== Assigned task ==
Write out all of the entries that follow, word for word, but skip the pictures.

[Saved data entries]
_ _ _

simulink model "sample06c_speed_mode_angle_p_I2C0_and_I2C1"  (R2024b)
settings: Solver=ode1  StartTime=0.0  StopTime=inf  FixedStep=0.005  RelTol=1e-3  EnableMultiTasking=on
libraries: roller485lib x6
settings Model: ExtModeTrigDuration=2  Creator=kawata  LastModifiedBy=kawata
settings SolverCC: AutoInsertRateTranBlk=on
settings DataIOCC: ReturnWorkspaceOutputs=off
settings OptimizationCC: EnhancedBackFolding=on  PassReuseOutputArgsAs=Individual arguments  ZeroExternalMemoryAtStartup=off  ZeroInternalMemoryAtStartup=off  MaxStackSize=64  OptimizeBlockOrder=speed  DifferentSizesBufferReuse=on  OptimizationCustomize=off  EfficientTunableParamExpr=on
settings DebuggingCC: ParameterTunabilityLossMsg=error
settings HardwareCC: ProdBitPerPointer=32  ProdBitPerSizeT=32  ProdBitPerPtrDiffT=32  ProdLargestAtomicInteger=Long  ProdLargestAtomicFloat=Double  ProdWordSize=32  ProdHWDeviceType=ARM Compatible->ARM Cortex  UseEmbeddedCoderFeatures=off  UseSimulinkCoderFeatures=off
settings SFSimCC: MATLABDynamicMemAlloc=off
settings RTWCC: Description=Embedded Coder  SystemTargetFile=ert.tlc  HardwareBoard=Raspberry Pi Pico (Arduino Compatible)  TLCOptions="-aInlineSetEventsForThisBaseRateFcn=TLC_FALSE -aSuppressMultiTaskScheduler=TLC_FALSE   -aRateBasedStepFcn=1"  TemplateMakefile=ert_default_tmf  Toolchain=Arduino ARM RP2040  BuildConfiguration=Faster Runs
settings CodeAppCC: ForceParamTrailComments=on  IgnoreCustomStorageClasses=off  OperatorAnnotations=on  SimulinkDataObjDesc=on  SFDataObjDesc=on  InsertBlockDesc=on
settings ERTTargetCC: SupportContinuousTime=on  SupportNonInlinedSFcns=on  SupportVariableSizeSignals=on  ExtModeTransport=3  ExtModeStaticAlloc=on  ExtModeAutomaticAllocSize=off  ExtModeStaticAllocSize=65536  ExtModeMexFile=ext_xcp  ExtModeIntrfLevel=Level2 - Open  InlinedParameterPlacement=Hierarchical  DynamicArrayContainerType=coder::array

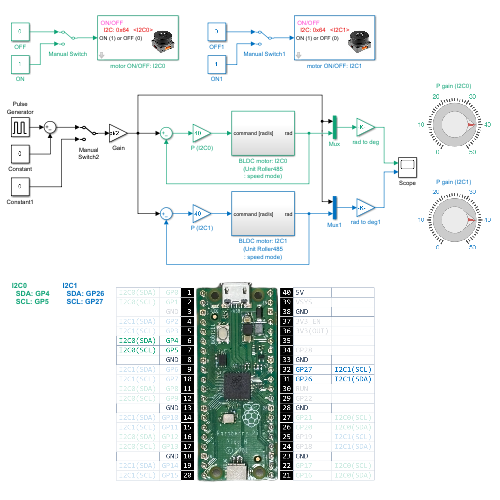
[thumbnail: Simulink's stored preview of the top-level diagram]
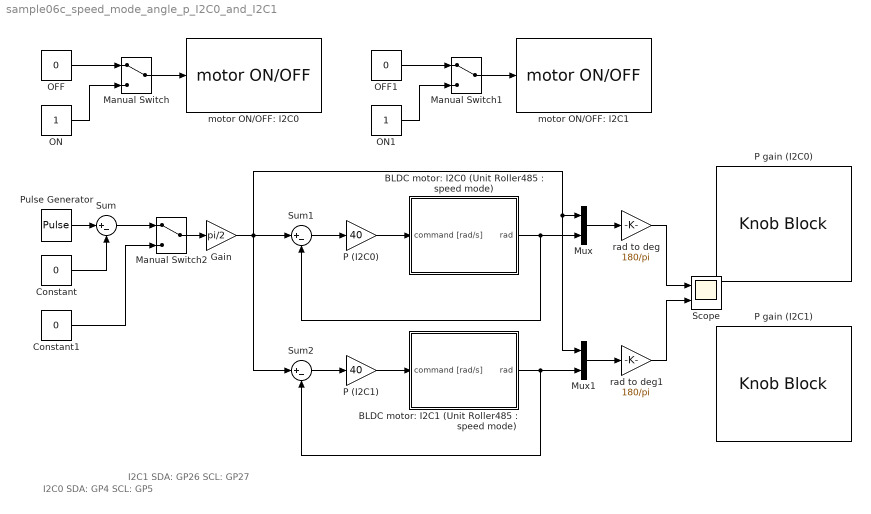
== system sample06c_speed_mode_angle_p_I2C0_and_I2C1 ==
  note: I2C0
      | SDA: GP4
      | SCL: GP5
  note: I2C1
      | SDA: GP26
      | SCL: GP27
  "BLDC motor: I2C0 (Unit Roller485 : speed mode)" : Subsystem
  "BLDC motor: I2C1 (Unit Roller485 : speed mode)" : Subsystem
  Constant : Constant  Value=0
  Constant1 : Constant  Value=0
  Gain : Gain  Gain=pi/2
  Manual Switch2 : ManualSwitch
  Manual Switch : ManualSwitch
  Manual Switch1 : ManualSwitch
  Mux : Mux  Inputs=2
  Mux1 : Mux  Inputs=2
  OFF : Constant  Value=0
  OFF1 : Constant  Value=0
  ON : Constant
  ON1 : Constant
  P (I2C0) : Gain  Gain=40
  P (I2C1) : Gain  Gain=40
  P gain (I2C0) : KnobBlock  LabelPosition=Hide  ScaleMax=50  TickInterval=10
  P gain (I2C1) : KnobBlock  LabelPosition=Hide  ScaleMax=50  TickInterval=10
  Pulse Generator : DiscretePulseGenerator  PulseType=Time based  Period=4  PulseWidth=50  PhaseDelay=1
  Scope : Scope  NumInputPorts=2
  Sum : Sum  Inputs=|+-
  Sum1 : Sum  Inputs=|+-
  Sum2 : Sum  Inputs=|+-
  motor ON/OFF: I2C0 : roller485lib/motor ON//OFF  I2CAddress=0x64  I2CModule=0
      settings: SourceProductName=Roller485 Library
  motor ON/OFF: I2C1 : roller485lib/motor ON//OFF  I2CAddress=0x64  I2CModule=1
      settings: SourceProductName=Roller485 Library
  rad to deg : Gain  Gain=180/pi
  rad to deg1 : Gain  Gain=180/pi
  wires:
  Manual Switch/1 -> motor ON/OFF: I2C0/1
  OFF/1 -> Manual Switch/1
  ON/1 -> Manual Switch/2
  Constant/1 -> Sum/2
  Pulse Generator/1 -> Sum/1
  Mux/1 -> rad to deg/1
  P (I2C0)/1 -> "BLDC motor: I2C0 (Unit Roller485 : speed mode)"/1(command [rad/s])
  Gain/1 -> Sum2/1, Mux1/1, Mux/1, Sum1/1
  "BLDC motor: I2C0 (Unit Roller485 : speed mode)"/1(rad) -> Sum1/2, Mux/2
  Manual Switch2/1 -> Gain/1
  Sum/1 -> Manual Switch2/1
  Constant1/1 -> Manual Switch2/2
  Sum1/1 -> P (I2C0)/1
  Sum2/1 -> P (I2C1)/1
  P (I2C1)/1 -> "BLDC motor: I2C1 (Unit Roller485 : speed mode)"/1(command [rad/s])
  ON1/1 -> Manual Switch1/2
  OFF1/1 -> Manual Switch1/1
  Manual Switch1/1 -> motor ON/OFF: I2C1/1
  Mux1/1 -> rad to deg1/1
  "BLDC motor: I2C1 (Unit Roller485 : speed mode)"/1(rad) -> Mux1/2, Sum2/2
  rad to deg/1 -> Scope/1
  rad to deg1/1 -> Scope/2

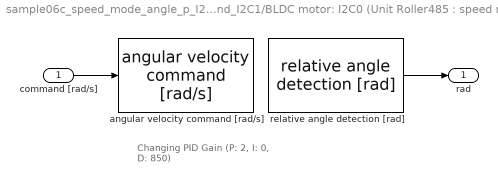
== system sample06c_speed_mode_angle_p_I2C0_and_I2C1/BLDC motor: I2C0 (Unit Roller485 : speed mode) ==
  note: Changing PID Gain
      | (P: 2, I: 0, D: 850)
  command [rad/s] : Inport
  angular velocity command [rad/s] : roller485lib/I2C Write/angular velocity command [rad//s]  I2CAddress=0x64  I2CModule=0  speed_P=2  speed_I=0  speed_D=850  set_time1=0  set_time2=0
      settings: SourceProductName=Roller485 Library
  relative angle detection [rad] : roller485lib/I2C Read/relative angle detection [rad]  I2CAddress=0x64  I2CModule=0  sample_time=-1  set_time=0
      settings: SourceProductName=Roller485 Library
  rad : Outport
  wires:
  command [rad/s]/1 -> angular velocity command [rad/s]/1
  relative angle detection [rad]/1 -> rad/1

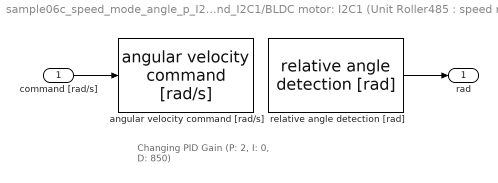
== system sample06c_speed_mode_angle_p_I2C0_and_I2C1/BLDC motor: I2C1 (Unit Roller485 : speed mode) ==
  note: Changing PID Gain
      | (P: 2, I: 0, D: 850)
  command [rad/s] : Inport
  angular velocity command [rad/s] : roller485lib/I2C Write/angular velocity command [rad//s]  I2CAddress=0x64  I2CModule=1  speed_P=2  speed_I=0  speed_D=850  set_time1=0  set_time2=0
      settings: SourceProductName=Roller485 Library
  relative angle detection [rad] : roller485lib/I2C Read/relative angle detection [rad]  I2CAddress=0x64  I2CModule=1  sample_time=-1  set_time=0
      settings: SourceProductName=Roller485 Library
  rad : Outport
  wires:
  relative angle detection [rad]/1 -> rad/1
  command [rad/s]/1 -> angular velocity command [rad/s]/1

_ _ _

== Exercise response ==
simulink model "sample06c_speed_mode_angle_p_I2C0_and_I2C1"  (R2024b)
settings: Solver=ode1  StartTime=0.0  StopTime=inf  FixedStep=0.005  RelTol=1e-3  EnableMultiTasking=on
libraries: roller485lib x6
settings Model: ExtModeTrigDuration=2  Creator=kawata  LastModifiedBy=kawata
settings SolverCC: AutoInsertRateTranBlk=on
settings DataIOCC: ReturnWorkspaceOutputs=off
settings OptimizationCC: EnhancedBackFolding=on  PassReuseOutputArgsAs=Individual arguments  ZeroExternalMemoryAtStartup=off  ZeroInternalMemoryAtStartup=off  MaxStackSize=64  OptimizeBlockOrder=speed  DifferentSizesBufferReuse=on  OptimizationCustomize=off  EfficientTunableParamExpr=on
settings DebuggingCC: ParameterTunabilityLossMsg=error
settings HardwareCC: ProdBitPerPointer=32  ProdBitPerSizeT=32  ProdBitPerPtrDiffT=32  ProdLargestAtomicInteger=Long  ProdLargestAtomicFloat=Double  ProdWordSize=32  ProdHWDeviceType=ARM Compatible->ARM Cortex  UseEmbeddedCoderFeatures=off  UseSimulinkCoderFeatures=off
settings SFSimCC: MATLABDynamicMemAlloc=off
settings RTWCC: Description=Embedded Coder  SystemTargetFile=ert.tlc  HardwareBoard=Raspberry Pi Pico (Arduino Compatible)  TLCOptions="-aInlineSetEventsForThisBaseRateFcn=TLC_FALSE -aSuppressMultiTaskScheduler=TLC_FALSE   -aRateBasedStepFcn=1"  TemplateMakefile=ert_default_tmf  Toolchain=Arduino ARM RP2040  BuildConfiguration=Faster Runs
settings CodeAppCC: ForceParamTrailComments=on  IgnoreCustomStorageClasses=off  OperatorAnnotations=on  SimulinkDataObjDesc=on  SFDataObjDesc=on  InsertBlockDesc=on
settings ERTTargetCC: SupportContinuousTime=on  SupportNonInlinedSFcns=on  SupportVariableSizeSignals=on  ExtModeTransport=3  ExtModeStaticAlloc=on  ExtModeAutomaticAllocSize=off  ExtModeStaticAllocSize=65536  ExtModeMexFile=ext_xcp  ExtModeIntrfLevel=Level2 - Open  InlinedParameterPlacement=Hierarchical  DynamicArrayContainerType=coder::array

[thumbnail: Simulink's stored preview of the top-level diagram]
== system sample06c_speed_mode_angle_p_I2C0_and_I2C1 ==
  note: I2C0
      | SDA: GP4
      | SCL: GP5
  note: I2C1
      | SDA: GP26
      | SCL: GP27
  "BLDC motor: I2C0 (Unit Roller485 : speed mode)" : Subsystem
  "BLDC motor: I2C1 (Unit Roller485 : speed mode)" : Subsystem
  Constant : Constant  Value=0
  Constant1 : Constant  Value=0
  Gain : Gain  Gain=pi/2
  Manual Switch2 : ManualSwitch
  Manual Switch : ManualSwitch
  Manual Switch1 : ManualSwitch
  Mux : Mux  Inputs=2
  Mux1 : Mux  Inputs=2
  OFF : Constant  Value=0
  OFF1 : Constant  Value=0
  ON : Constant
  ON1 : Constant
  P (I2C0) : Gain  Gain=40
  P (I2C1) : Gain  Gain=40
  P gain (I2C0) : KnobBlock  LabelPosition=Hide  ScaleMax=50  TickInterval=10
  P gain (I2C1) : KnobBlock  LabelPosition=Hide  ScaleMax=50  TickInterval=10
  Pulse Generator : DiscretePulseGenerator  PulseType=Time based  Period=4  PulseWidth=50  PhaseDelay=1
  Scope : Scope  NumInputPorts=2
  Sum : Sum  Inputs=|+-
  Sum1 : Sum  Inputs=|+-
  Sum2 : Sum  Inputs=|+-
  motor ON/OFF: I2C0 : roller485lib/motor ON//OFF  I2CAddress=0x64  I2CModule=0
      settings: SourceProductName=Roller485 Library
  motor ON/OFF: I2C1 : roller485lib/motor ON//OFF  I2CAddress=0x64  I2CModule=1
      settings: SourceProductName=Roller485 Library
  rad to deg : Gain  Gain=180/pi
  rad to deg1 : Gain  Gain=180/pi
  wires:
  Manual Switch/1 -> motor ON/OFF: I2C0/1
  OFF/1 -> Manual Switch/1
  ON/1 -> Manual Switch/2
  Constant/1 -> Sum/2
  Pulse Generator/1 -> Sum/1
  Mux/1 -> rad to deg/1
  P (I2C0)/1 -> "BLDC motor: I2C0 (Unit Roller485 : speed mode)"/1(command [rad/s])
  Gain/1 -> Sum2/1, Mux1/1, Mux/1, Sum1/1
  "BLDC motor: I2C0 (Unit Roller485 : speed mode)"/1(rad) -> Sum1/2, Mux/2
  Manual Switch2/1 -> Gain/1
  Sum/1 -> Manual Switch2/1
  Constant1/1 -> Manual Switch2/2
  Sum1/1 -> P (I2C0)/1
  Sum2/1 -> P (I2C1)/1
  P (I2C1)/1 -> "BLDC motor: I2C1 (Unit Roller485 : speed mode)"/1(command [rad/s])
  ON1/1 -> Manual Switch1/2
  OFF1/1 -> Manual Switch1/1
  Manual Switch1/1 -> motor ON/OFF: I2C1/1
  Mux1/1 -> rad to deg1/1
  "BLDC motor: I2C1 (Unit Roller485 : speed mode)"/1(rad) -> Mux1/2, Sum2/2
  rad to deg/1 -> Scope/1
  rad to deg1/1 -> Scope/2

== system sample06c_speed_mode_angle_p_I2C0_and_I2C1/BLDC motor: I2C0 (Unit Roller485 : speed mode) ==
  note: Changing PID Gain
      | (P: 2, I: 0, D: 850)
  command [rad/s] : Inport
  angular velocity command [rad/s] : roller485lib/I2C Write/angular velocity command [rad//s]  I2CAddress=0x64  I2CModule=0  speed_P=2  speed_I=0  speed_D=850  set_time1=0  set_time2=0
      settings: SourceProductName=Roller485 Library
  relative angle detection [rad] : roller485lib/I2C Read/relative angle detection [rad]  I2CAddress=0x64  I2CModule=0  sample_time=-1  set_time=0
      settings: SourceProductName=Roller485 Library
  rad : Outport
  wires:
  command [rad/s]/1 -> angular velocity command [rad/s]/1
  relative angle detection [rad]/1 -> rad/1

== system sample06c_speed_mode_angle_p_I2C0_and_I2C1/BLDC motor: I2C1 (Unit Roller485 : speed mode) ==
  note: Changing PID Gain
      | (P: 2, I: 0, D: 850)
  command [rad/s] : Inport
  angular velocity command [rad/s] : roller485lib/I2C Write/angular velocity command [rad//s]  I2CAddress=0x64  I2CModule=1  speed_P=2  speed_I=0  speed_D=850  set_time1=0  set_time2=0
      settings: SourceProductName=Roller485 Library
  relative angle detection [rad] : roller485lib/I2C Read/relative angle detection [rad]  I2CAddress=0x64  I2CModule=1  sample_time=-1  set_time=0
      settings: SourceProductName=Roller485 Library
  rad : Outport
  wires:
  relative angle detection [rad]/1 -> rad/1
  command [rad/s]/1 -> angular velocity command [rad/s]/1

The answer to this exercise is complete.